My husband told me last night that he does not love me anymore. He said that he can't handle how up and down I am after I learned about his affair with another woman. I have been trying so hard to recover from it and I admitted to him that I have failed in getting the right help. We are Christians and I always felt as my spiritual leader that he would have helped me through the process, but he just left me fall deeper and become more angry. Now he says that my love for him is not real and that I never loved him. He moved out and got his own place and said it doesn't matter where I go, he will not be with me. On top of that, he will not give me a divorce. He just wants me to live alone and remain married to him. He even is playing a mind game with me saying that if I choose to divorce him after so long, that he will know that I have been planning it all along. My friends say this is emotional abuse and I need to get out. That saddest part of all is we have a son together. I feel it would be in our son's best interest to be with me considering I was the one who supported us all financially and emotionally our entire marriage and his entire life. My husband feels of course that he is the better parent and keeps putting ideas in our 6 year olds head that he can come live with him whenever he wants. I don't feel this is right and I feel if my husband wants to leave our family then he is leaving all that goes with it. I need help. What do I do?


----------



## lamaga

He doesn't have to "give" you a divorce. File on him. You don't have to go through with the entire divorce, but that will at least wake him up.

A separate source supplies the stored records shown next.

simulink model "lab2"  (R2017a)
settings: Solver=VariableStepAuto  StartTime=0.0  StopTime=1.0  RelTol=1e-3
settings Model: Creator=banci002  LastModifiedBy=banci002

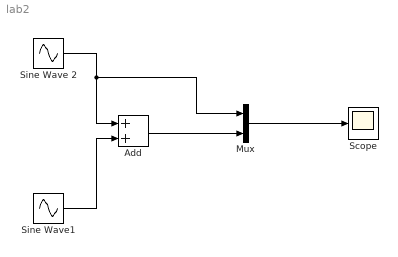
== system lab2 ==
  Add : Sum
  Mux : Mux  Inputs=2
  Scope : Scope
  "Sine Wave 2 " : Sin  Frequency=2*pi*5  Phase=pi  SampleTime=0
  Sine Wave1 : Sin  Frequency=2*pi*5  SampleTime=0
  wires:
  Add/1 -> Mux/2
  Mux/1 -> Scope/1
  Sine Wave1/1 -> Add/2
  "Sine Wave 2 "/1 -> Mux/1, Add/1

And no one is your spiritual leader but you. There was a whole Reformation about that, you know.


----------



## diwali123

Agreed. He doesn't have to give you anything. He sounds incredibly manipulative and cruel. He should have been understanding but he wasn't. Who cares what he thinks about you filing? He's trying to get you to bow down and rug sweep and "get over" his affair. You aren't healing enough for him to feel comfortable so he's leaving to try to get you to say "oh you're right, I'm so sorry that you screwing another woman and breaking our marriage vows made me depressed, please forgive me and I'll snap back to normal." what a jerk! 
If I were you I would post this in the coping with infidelity forum because his behavior is so typical and the people there can advise you better.
_Posted via Mobile Device_


----------



## papa5280

Mandi84 said:


> My husband told me last night that he does not love me anymore. He said that he can't handle how up and down I am after I learned about his affair with another woman.


I know you're in the middle of this and it's tough to have perspective. But imagine that one of your friends told you this about her relationship. 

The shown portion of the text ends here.